Exercise objective: Below are some records; quote exactly the lines from the one that contains "chamfer(chamfer2_edges, length=CHAMFER2_SIZE)" through the one that contains "# Sketch24 → Sweep1 (sweep)", inclusive, and no others.

Data to process:
──────────────────────────────

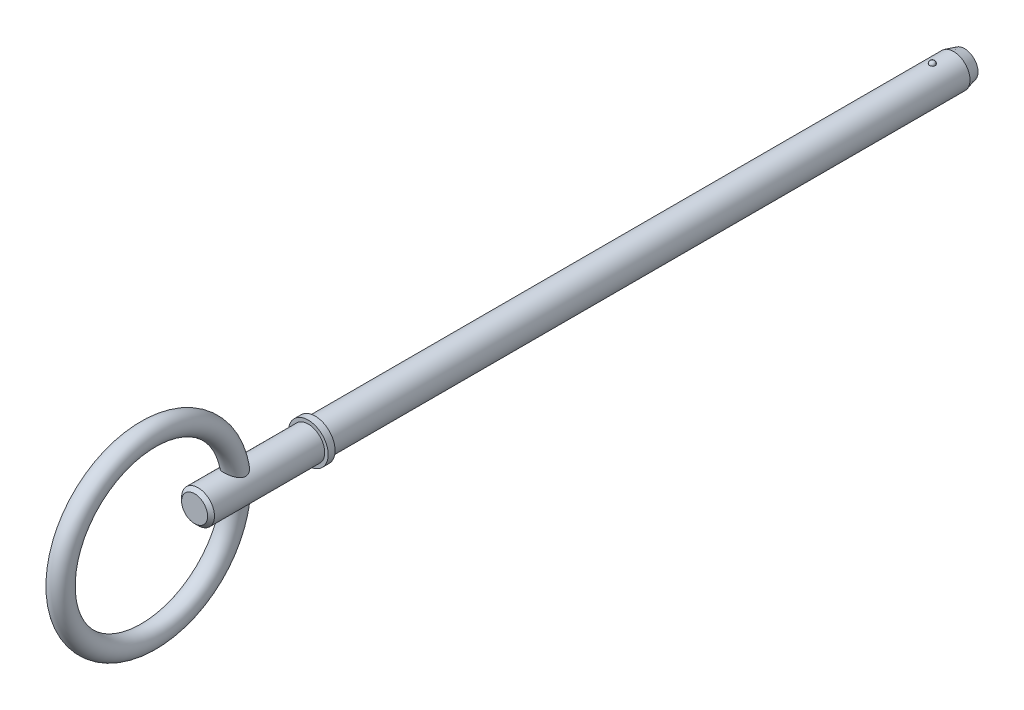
from build123d import *

# Parameters (mm, degrees)
SKETCH2_R           = 2.38
BOSS_EXTRUDE1_DEPTH = 88.9
BOSS_EXTRUDE2_START = 5.08
SKETCH3_R           = 2.38
BOSS_EXTRUDE2_DEPTH = 5.08
CHAMFER1_SIZE       = 1.586
CHAMFER1_SIZE2      = 0.424967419
SKETCH20_W          = 1
SKETCH20_H          = 2.88
SKETCH21_R          = 2.38
BOSS_EXTRUDE3_DEPTH = 17.45
CHAMFER2_SIZE       = 0.5
SKETCH24_R          = 1.5


with BuildPart() as part:
    # Sketch2 → Boss-Extrude1 (new body)
    with BuildSketch(Plane.XY):
        Circle(SKETCH2_R)
    extrude(amount=BOSS_EXTRUDE1_DEPTH)

    # Sketch3 → Boss-Extrude2 (add)
    with BuildSketch(Plane(origin=(0, 0, 0), x_dir=(-1, 0, 0), z_dir=(0, 0, -1)).offset(BOSS_EXTRUDE2_START)):
        Circle(SKETCH3_R)
    extrude(amount=-BOSS_EXTRUDE2_DEPTH)

    # Chamfer1
    chamfer1_edges = [part.edges().sort_by_distance(p)[0] for p in [
        (2.38, 0, -5.08),
    ]]
    chamfer1_side = [part.faces().sort_by_distance(p)[0] for p in [
        (2.38, 0, -2.54),
    ]]
    chamfer(chamfer1_edges, length=CHAMFER1_SIZE, length2=CHAMFER1_SIZE2, reference=chamfer1_side[0])

    # Sketch18 → Revolve1 (revolve)
    with BuildSketch(Plane(origin=(0, 0, 0), x_dir=(0, 0, -1), z_dir=(1, 0, 0))):
        with BuildLine():
            Line((0.42, 2.8), (0.42, 1.96))
            ThreePointArc((0.42, 1.96), (0, 2.38), (0.42, 2.8))
        make_face()
    revolve(axis=Axis((0, 2.8, -0.42), (0, -1, 0)))

    # Sketch20 → Revolve2 (revolve)
    with BuildSketch(Plane(origin=(0, 0, 0), x_dir=(0, 0, -1), z_dir=(1, 0, 0)), mode=Mode.PRIVATE) as revolve2_sk:
        with Locations((-89.4, 1.44)):
            Rectangle(SKETCH20_W, SKETCH20_H)
    revolve(revolve2_sk.sketch.rotate(Axis((0, 0, 33.728787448), (0, 0, 1)), 90), axis=Axis((0, 0, 33.728787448), (0, 0, 1)))

    # Sketch21 → Boss-Extrude3 (add)
    with BuildSketch(Plane(origin=(0, 0, 88.9), x_dir=(-1, 0, 0), z_dir=(0, 0, -1))):
        Circle(SKETCH21_R)
    extrude(amount=-BOSS_EXTRUDE3_DEPTH)

    # Chamfer2
    chamfer2_edges = [part.edges().sort_by_distance(p)[0] for p in [
        (2.38, 0, 106.35),
    ]]
    chamfer(chamfer2_edges, length=CHAMFER2_SIZE)

    # Sweep1: sweep along a path in Sketch23
    with BuildLine(Plane(origin=(0, 0, 0), x_dir=(0, 0, -1), z_dir=(1, 0, 0))) as sweep1_path:
        CenterArc((-113.05, 0), 12.7, 0, 360)
    # Sketch24 → Sweep1 (sweep)
    with BuildSketch(Plane(origin=(0, 0, 0), x_dir=(1, 0, 0), z_dir=(0, 1, 0))):
        with Locations((0, -100.35)):
            Circle(SKETCH24_R)
    sweep(path=sweep1_path.line)


solid = part.part

──────────────────────────────

Finished task:
    chamfer(chamfer2_edges, length=CHAMFER2_SIZE)

    # Sweep1: sweep along a path in Sketch23
    with BuildLine(Plane(origin=(0, 0, 0), x_dir=(0, 0, -1), z_dir=(1, 0, 0))) as sweep1_path:
        CenterArc((-113.05, 0), 12.7, 0, 360)
    # Sketch24 → Sweep1 (sweep)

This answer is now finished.